Flatten the semi-structured paper stored in the KG into plain text.

[M3] Embed the original paper.

Generate the synthesized paper from the KG-to-Text model given the KG.

[M3] Embed the synthesized paper.

Score = Cosine similarity between the original paper and the 
synthesized paper.

To help the LLM understand entity meanings, we provide descriptions and aliases for entities involved in each batch of triples. This is crucial because academic papers often introduce new terms. However, we also include an instruction to prevent the LLM from focusing too much on entity descriptions rather than the triples themselves.

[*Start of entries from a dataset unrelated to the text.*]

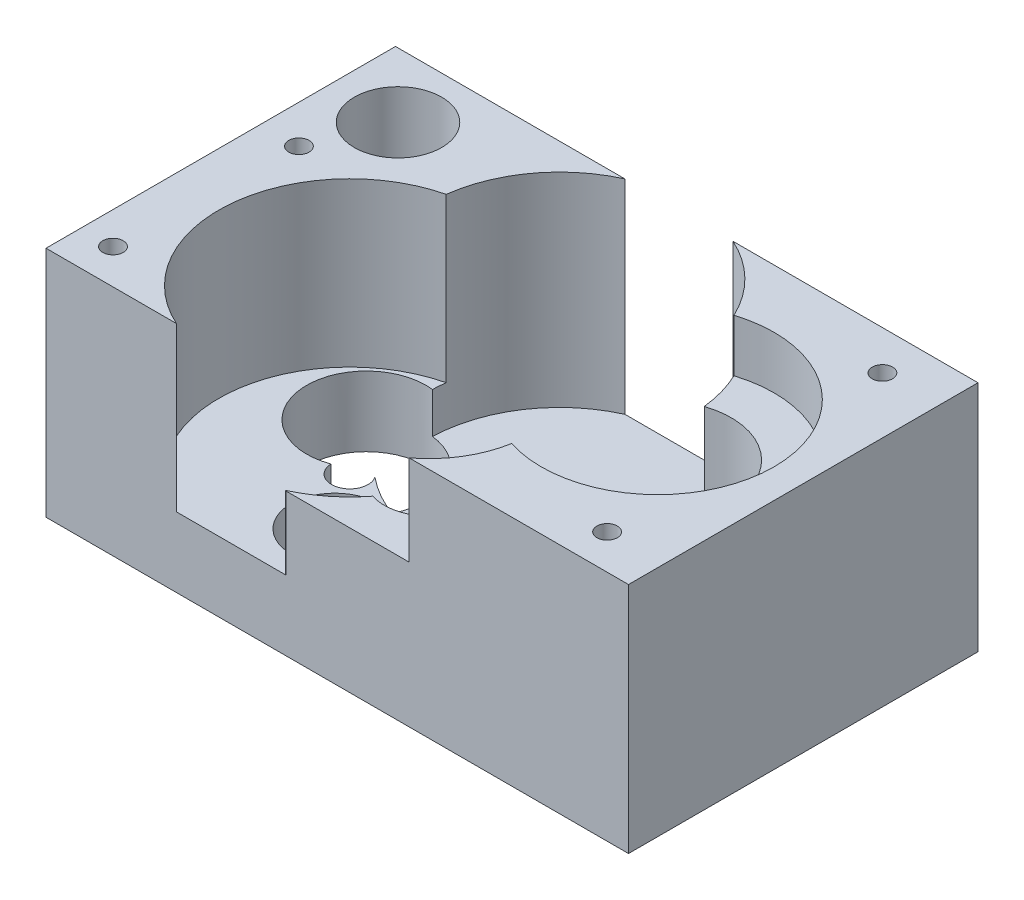
from build123d import *

# Parameters (mm, degrees)
SKETCH_1_W           = 20
SKETCH_1_H           = 12
SKETCH_1_R           = 0.625
SKETCH_1_R_2         = 1.05
EXTRUDE_1_DEPTH      = 1
SKETCH_3_R           = 1.05
EXTRUDE_5_DEPTH      = 1.4
EXTRUDE_START        = 1.4
EXTRUDE_6_DEPTH      = 1.4
EXTRUDE_START_2      = 2.8
EXTRUDE_7_DEPTH      = 1.1
EXTRUDE_START_3      = 3.9
EXTRUDE_8_DEPTH      = 1.3
EXTRUDE_START_4      = 5.2
EXTRUDE_9_DEPTH      = 1.8
SKETCH_5_R           = 0.8
CUT_EXTRUDE_9_DEPTH  = 25.657656012
CUT_EXTRUDE_START    = 8
SKETCH_5_7_R         = 1.5
CUT_EXTRUDE_10_DEPTH = 7
SKETCH_6_R           = 0.35
CUT_EXTRUDE_11_DEPTH = 2


with BuildPart() as part:
    # 草图1 → 凸台-拉伸1 (new body)
    with BuildSketch(Plane(origin=(0, 0, 0), x_dir=(1, 0, 0), z_dir=(0, 1, 0))):
        with Locations((10, -6)):
            Rectangle(SKETCH_1_W, SKETCH_1_H)
        with BuildLine():
            ThreePointArc((5.706865228, -7.92427689), (3.318992309, -4.826665802), (7.05, -6))
            ThreePointArc((7.05, -6), (6.925573765, -6.70332473), (6.567399341, -7.321271852))
            ThreePointArc((6.567399341, -7.321271852), (6.850107647, -7.55134445), (6.956393556, -7.9))
            ThreePointArc((6.956393556, -7.9), (6.343534292, -8.524882071), (5.706865228, -7.92427689))
        make_face(mode=Mode.SUBTRACT)
        with Locations(Location((9.732863826, -4.1, 0), (0, 0, 270))):
            Circle(SKETCH_1_R, mode=Mode.SUBTRACT)
        with Locations(Location((15, -6, 0), (0, 0, 270))):
            Circle(SKETCH_1_R_2, mode=Mode.SUBTRACT)
    extrude(amount=EXTRUDE_1_DEPTH)

    # 草图3 → 凸台-拉伸5 (add)
    with BuildSketch(Plane(origin=(0, 1, 0), x_dir=(1, 0, 0), z_dir=(0, 1, 0))):
        with BuildLine():
            Line((7.878140127, 0), (0, 0))
            Line((0, 0), (0, -12))
            Line((0, -12), (20, -12))
            Line((20, -12), (20, 0))
            Line((20, 0), (11.587587526, 0))
            ThreePointArc((11.587587526, 0), (13.547414344, -6.487300641), (6.856030701, -7.560322408))
            ThreePointArc((6.856030701, -7.560322408), (6.520100415, -8.495831118), (5.706865228, -7.92427689))
            ThreePointArc((5.706865228, -7.92427689), (2.964398818, -6.24254449), (5.234934356, -3.963506482))
            ThreePointArc((5.234934356, -3.963506482), (5.989016009, -1.60328145), (7.878140127, 0))
        make_face()
        with Locations(Location((15, -6, 0), (0, 0, 270))):
            Circle(SKETCH_3_R, mode=Mode.SUBTRACT)
    extrude(amount=EXTRUDE_5_DEPTH)

    # 草图3<11> → 凸台-拉伸6 (add)
    with BuildSketch(Plane(origin=(0, 1, 0), x_dir=(1, 0, 0), z_dir=(0, 1, 0)).offset(EXTRUDE_START)):
        with BuildLine():
            Line((7.878140127, 0), (0, 0))
            Line((0, 0), (0, -12))
            Line((0, -12), (4.476669857, -12))
            ThreePointArc((4.476669857, -12), (1.850964776, -7.48076505), (5.2694824, -3.527089677))
            ThreePointArc((5.2694824, -3.527089677), (6.1148943, -1.424126963), (7.878140127, 0))
        make_face()
        with BuildLine():
            Line((20, 0), (11.587587526, 0))
            ThreePointArc((11.587587526, 0), (13.37352153, -1.455078171), (14.205367203, -3.603297324))
            ThreePointArc((14.205367203, -3.603297324), (17.375189654, -6.856795836), (12.858337915, -7.337500846))
            ThreePointArc((12.858337915, -7.337500846), (11.902158059, -8.042608595), (10.794774983, -8.472910323))
            ThreePointArc((10.794774983, -8.472910323), (9.959364954, -10.562296665), (8.216792734, -11.985984574))
            ThreePointArc((8.216792734, -11.985984574), (8.225940362, -11.993007377), (8.235111081, -12))
            Line((8.235111081, -12), (20, -12))
            Line((20, -12), (20, 0))
        make_face()
    extrude(amount=EXTRUDE_6_DEPTH)

    # 草图3<12> → 凸台-拉伸7 (add)
    with BuildSketch(Plane(origin=(0, 1, 0), x_dir=(1, 0, 0), z_dir=(0, 1, 0)).offset(EXTRUDE_START_2)):
        with BuildLine():
            Line((7.878140127, 0), (0, 0))
            Line((0, 0), (0, -12))
            Line((0, -12), (4.476669857, -12))
            ThreePointArc((4.476669857, -12), (1.850964776, -7.48076505), (5.2694824, -3.527089677))
            ThreePointArc((5.2694824, -3.527089677), (6.1148943, -1.424126963), (7.878140127, 0))
        make_face()
        with BuildLine():
            Line((20, 0), (11.587587526, 0))
            ThreePointArc((11.587587526, 0), (13.37352153, -1.455078171), (14.205367203, -3.603297324))
            ThreePointArc((14.205367203, -3.603297324), (17.375189654, -6.856795836), (12.858337915, -7.337500846))
            ThreePointArc((12.858337915, -7.337500846), (12.228802722, -7.844367641), (11.518753038, -8.230447884))
            ThreePointArc((11.518753038, -8.230447884), (11.618245347, -10.06420032), (9.882502664, -10.663986994))
            ThreePointArc((9.882502664, -10.663986994), (9.128861159, -11.424794322), (8.216792734, -11.985984574))
            ThreePointArc((8.216792734, -11.985984574), (8.225940362, -11.993007377), (8.235111081, -12))
            Line((8.235111081, -12), (20, -12))
            Line((20, -12), (20, 0))
        make_face()
    extrude(amount=EXTRUDE_7_DEPTH)

    # 草图3<13> → 凸台-拉伸8 (add)
    with BuildSketch(Plane(origin=(0, 1, 0), x_dir=(1, 0, 0), z_dir=(0, 1, 0)).offset(EXTRUDE_START_3)):
        with BuildLine():
            Line((7.878140127, 0), (0, 0))
            Line((0, 0), (0, -12))
            Line((0, -12), (4.476669857, -12))
            ThreePointArc((4.476669857, -12), (1.850964776, -7.48076505), (5.2694824, -3.527089677))
            ThreePointArc((5.2694824, -3.527089677), (6.1148943, -1.424126963), (7.878140127, 0))
        make_face()
        with BuildLine():
            Line((20, 0), (11.587587526, 0))
            ThreePointArc((11.587587526, 0), (13.37352153, -1.455078171), (14.205367203, -3.603297324))
            ThreePointArc((14.205367203, -3.603297324), (17.508995457, -6.283842911), (13.690024431, -8.158608118))
            ThreePointArc((13.690024431, -8.158608118), (13.688592195, -10.272489181), (12.470314077, -12))
            Line((12.470314077, -12), (20, -12))
            Line((20, -12), (20, 0))
        make_face()
    extrude(amount=EXTRUDE_8_DEPTH)

    # 草图3<14> → 凸台-拉伸9 (add)
    with BuildSketch(Plane(origin=(0, 1, 0), x_dir=(1, 0, 0), z_dir=(0, 1, 0)).offset(EXTRUDE_START_4)):
        with BuildLine():
            Line((7.878140127, 0), (0, 0))
            Line((0, 0), (0, -12))
            Line((0, -12), (4.476669857, -12))
            ThreePointArc((4.476669857, -12), (1.850964776, -7.48076505), (5.2694824, -3.527089677))
            ThreePointArc((5.2694824, -3.527089677), (6.1148943, -1.424126963), (7.878140127, 0))
        make_face()
        with BuildLine():
            Line((20, 0), (11.587587526, 0))
            ThreePointArc((11.587587526, 0), (12.890484565, -0.893844784), (13.804097772, -2.182956922))
            ThreePointArc((13.804097772, -2.182956922), (17.368162905, -2.776367816), (19, -6))
            ThreePointArc((19, -6), (17.366620176, -9.224764943), (13.80044553, -9.81589689))
            ThreePointArc((13.80044553, -9.81589689), (13.341995684, -11.033778714), (12.470314077, -12))
            Line((12.470314077, -12), (20, -12))
            Line((20, -12), (20, 0))
        make_face()
    extrude(amount=EXTRUDE_9_DEPTH)

    # 草图5 → 切除-拉伸9 (cut, through all)
    with BuildSketch(Plane(origin=(0, 0, 0), x_dir=(1, 0, 0), z_dir=(0, 1, 0))):
        with Locations(Location((2.3, -2.214171161, 0), (0, 0, 270))):
            Circle(SKETCH_5_R)
        with Locations(Location((7.7, -9.785828839, 0), (0, 0, 270))):
            Circle(SKETCH_5_R)
    extrude(amount=CUT_EXTRUDE_9_DEPTH, mode=Mode.SUBTRACT)

    # 草图5<7> → 切除-拉伸10 (cut)
    with BuildSketch(Plane(origin=(0, 0, 0), x_dir=(1, 0, 0), z_dir=(0, 1, 0)).offset(CUT_EXTRUDE_START)):
        with Locations(Location((2.3, -2.214171161, 0), (0, 0, 270))):
            Circle(SKETCH_5_7_R)
        with Locations(Location((7.7, -9.785828839, 0), (0, 0, 270))):
            Circle(SKETCH_5_7_R)
    extrude(amount=-CUT_EXTRUDE_10_DEPTH, mode=Mode.SUBTRACT)

    # 草图6 → 切除-拉伸11 (cut)
    with BuildSketch(Plane(origin=(0, 8, 0), x_dir=(1, 0, 0), z_dir=(0, 1, 0))):
        with Locations(Location((18.067159924, -1.34892989, 0), (0, 0, 270))):
            Circle(SKETCH_6_R)
        with Locations(Location((18.067159924, -10.801482832, 0), (0, 0, 270))):
            Circle(SKETCH_6_R)
        with Locations(Location((1.310630289, -4.626278754, 0), (0, 0, 270))):
            Circle(SKETCH_6_R)
        with Locations(Location((1.101301337, -10.801482832, 0), (0, 0, 270))):
            Circle(SKETCH_6_R)
    extrude(amount=-CUT_EXTRUDE_11_DEPTH, mode=Mode.SUBTRACT)


solid = part.part

Without this constraint, synthesized text may contain excessive repetitive information.

Throughout the graph-to-text process, regardless of which LLM decoder is used to construct the original KGs, we consistently use Meta-Llama-3-8B-Instruct-Q4-0 for generating text from KGs, and BAAI-bge-m3 as the embedding model due to its larger context window.

Synthesized Text Example Figure 3: Synthesized Text Example


Remarks

This approach evaluates both the precision and recall of a constructed KG. If the KG does not capture enough information from the original document, or if the captured information is incorrect, the synthesized document will have a low similarity to the original.

However, since this evaluation method tests both the KGC pipeline and the KG-to-Text model together, it does not isolate the performance of the KGC pipeline alone. Given that we implemented only a simple KG-to-Text model, some loss may occur when converting KGs back into text, potentially underestimating the true performance of our KGC pipeline.